Content starts

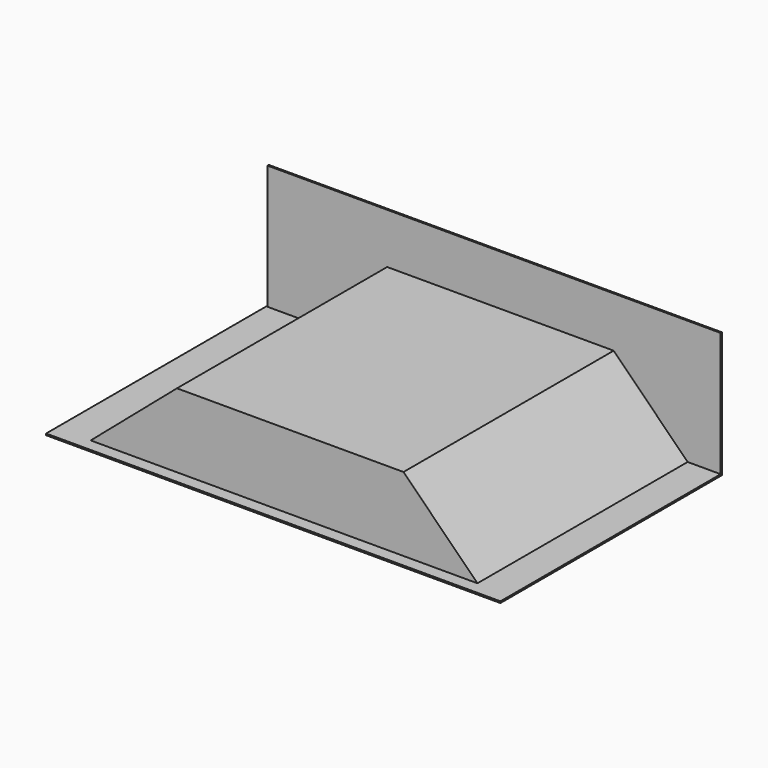
from build123d import *

# Parameters (mm, degrees)
F1_DEPTH    = 3.175
F2_START    = 3.048
F2_DEPTH    = 530.352
F3_T        = 2.54
F3_T3_DEPTH = 8.128
F3_T5_DEPTH = 220.6061469057
F3_T7_DEPTH = 239.2564292152
F3_T9_DEPTH = 462.28
F5_DEPTH    = 3.175


# Not quite as in the source:
# - a shell that OpenCascade refuses in one call is made with other operations: the cavity is built on its own and cut out


with BuildPart() as f1:
    # F0 (on Front) → F1 (new body)
    with BuildSketch(Plane.XZ):
        Polygon((-63.5, 0), (0, 0), (0, 254), (-914.4, 254), (-914.4, 0), (-850.9, 0), (-673.1, 152.4), (-215.9, 152.4), align=None)
    extrude(amount=F1_DEPTH)

    # F0 (on Front) → F2 (join)
    with BuildSketch(Plane.XZ.offset(F2_START)):
        Polygon((-850.9, 0), (-63.5, 0), (-215.9, 152.4), (-673.1, 152.4), align=None)
    extrude(amount=F2_DEPTH)

    # F3: shell of thickness 2.54, made by hand


with BuildPart() as f3_core1:
    # F3_t2: copy of F1
    add(f1.part)

    # the walls: a layer under each face that stays
    f3_faces = [f3_core1.faces().sort_by_distance(p)[0] for p in [
        (-139.7, -1.524, 76.2),
        (-762, 0, 127),
        (-444.5, -1.524, 152.4),
        (0, -1.5875, 127),
        (-457.2, -1.5875, 254),
        (-914.4, -1.5875, 127),
        (-762, -1.524, 76.2),
        (-762, -3.175, 127),
        (-762, -268.2875, 76.2),
        (-139.7, -268.2875, 76.2),
        (-457.2, -533.4, 76.2),
        (-444.5, -268.2875, 152.4),
    ]]
    thicken(f3_faces, amount=-F3_T, mode=Mode.SUBTRACT)

    # F3_s4 → F3_t3 (cut)
    with BuildSketch(Plane.XZ.offset(-2.54)):
        Polygon((-215.9179605122, 152.3566394878), (-214.1039487758, 154.1960512242), (-214.8478975516, 154.94), (-215.9, 154.94), align=None)
        Polygon((-673.0834698991, 152.3553148823), (-673.1, 154.94), (-674.0396071536, 154.94), (-674.7530100886, 154.32851177), align=None)
    extrude(amount=F3_T3_DEPTH, mode=Mode.SUBTRACT)

    # F3_s6 → F3_t5 (cut)
    with BuildSketch(Plane(origin=(-185.9460512242, 0, 185.9460512242), x_dir=(0, 1, 0), z_dir=(0.7071067812, 0, -0.7071067812))):
        Polygon((-3.2004, -44.8758806053), (-0.635, -44.9012806053), (-0.635, -47.4412806053), (-3.175, -47.4412806053), align=None)
    extrude(amount=F3_T5_DEPTH, mode=Mode.SUBTRACT)

    # F3_s8 → F3_t7 (cut)
    with BuildSketch(Plane(origin=(-492.4473352994, 0, -422.0977159709), x_dir=(0, 1, 0), z_dir=(0.7592566024, 0, 0.6507913735))):
        Polygon((-3.2004, 553.7837796737), (-0.635, 553.7583796737), (-0.635, 551.2183796737), (-3.175, 551.2183796737), align=None)
    extrude(amount=F3_T7_DEPTH, mode=Mode.SUBTRACT)

    # F3_s10 → F3_t9 (cut)
    with BuildSketch(Plane.YZ.offset(-675.64)):
        Polygon((-3.2004, 152.4254), (-0.635, 152.4), (-0.635, 149.86), (-3.175, 149.86), align=None)
    extrude(amount=F3_T9_DEPTH, mode=Mode.SUBTRACT)


with BuildPart() as f1_1:
    add(f1.part)

    # what is left inside the walls is the cavity
    f3_cavity = [f3_core1.part.solids().sort_by_distance(p)[0] for p in [
        (-457.044581, -354.922667, 0.0254),
    ]]
    add(f3_cavity, mode=Mode.SUBTRACT)

    # F4 (on Top) → F5 (join)
    with BuildSketch(Plane.XY):
        Polygon((0, -558.8), (0, 0), (-69.1089183092, 0), (-69.1089183092, -530.9250950813), (-844.7285890579, -530.9250950813), (-844.7285890579, 0), (-916.9259883143, 0), (-916.9259883143, -558.8), align=None)
    extrude(amount=F5_DEPTH)


solid = f1_1.part

Content ends

- [EXERCISE DESCRIPTION] Show each line of the listing that holds the string "BuildPart".

- [WRITTEN ANSWER]
with BuildPart() as f1:
with BuildPart() as f3_core1:
with BuildPart() as f1_1:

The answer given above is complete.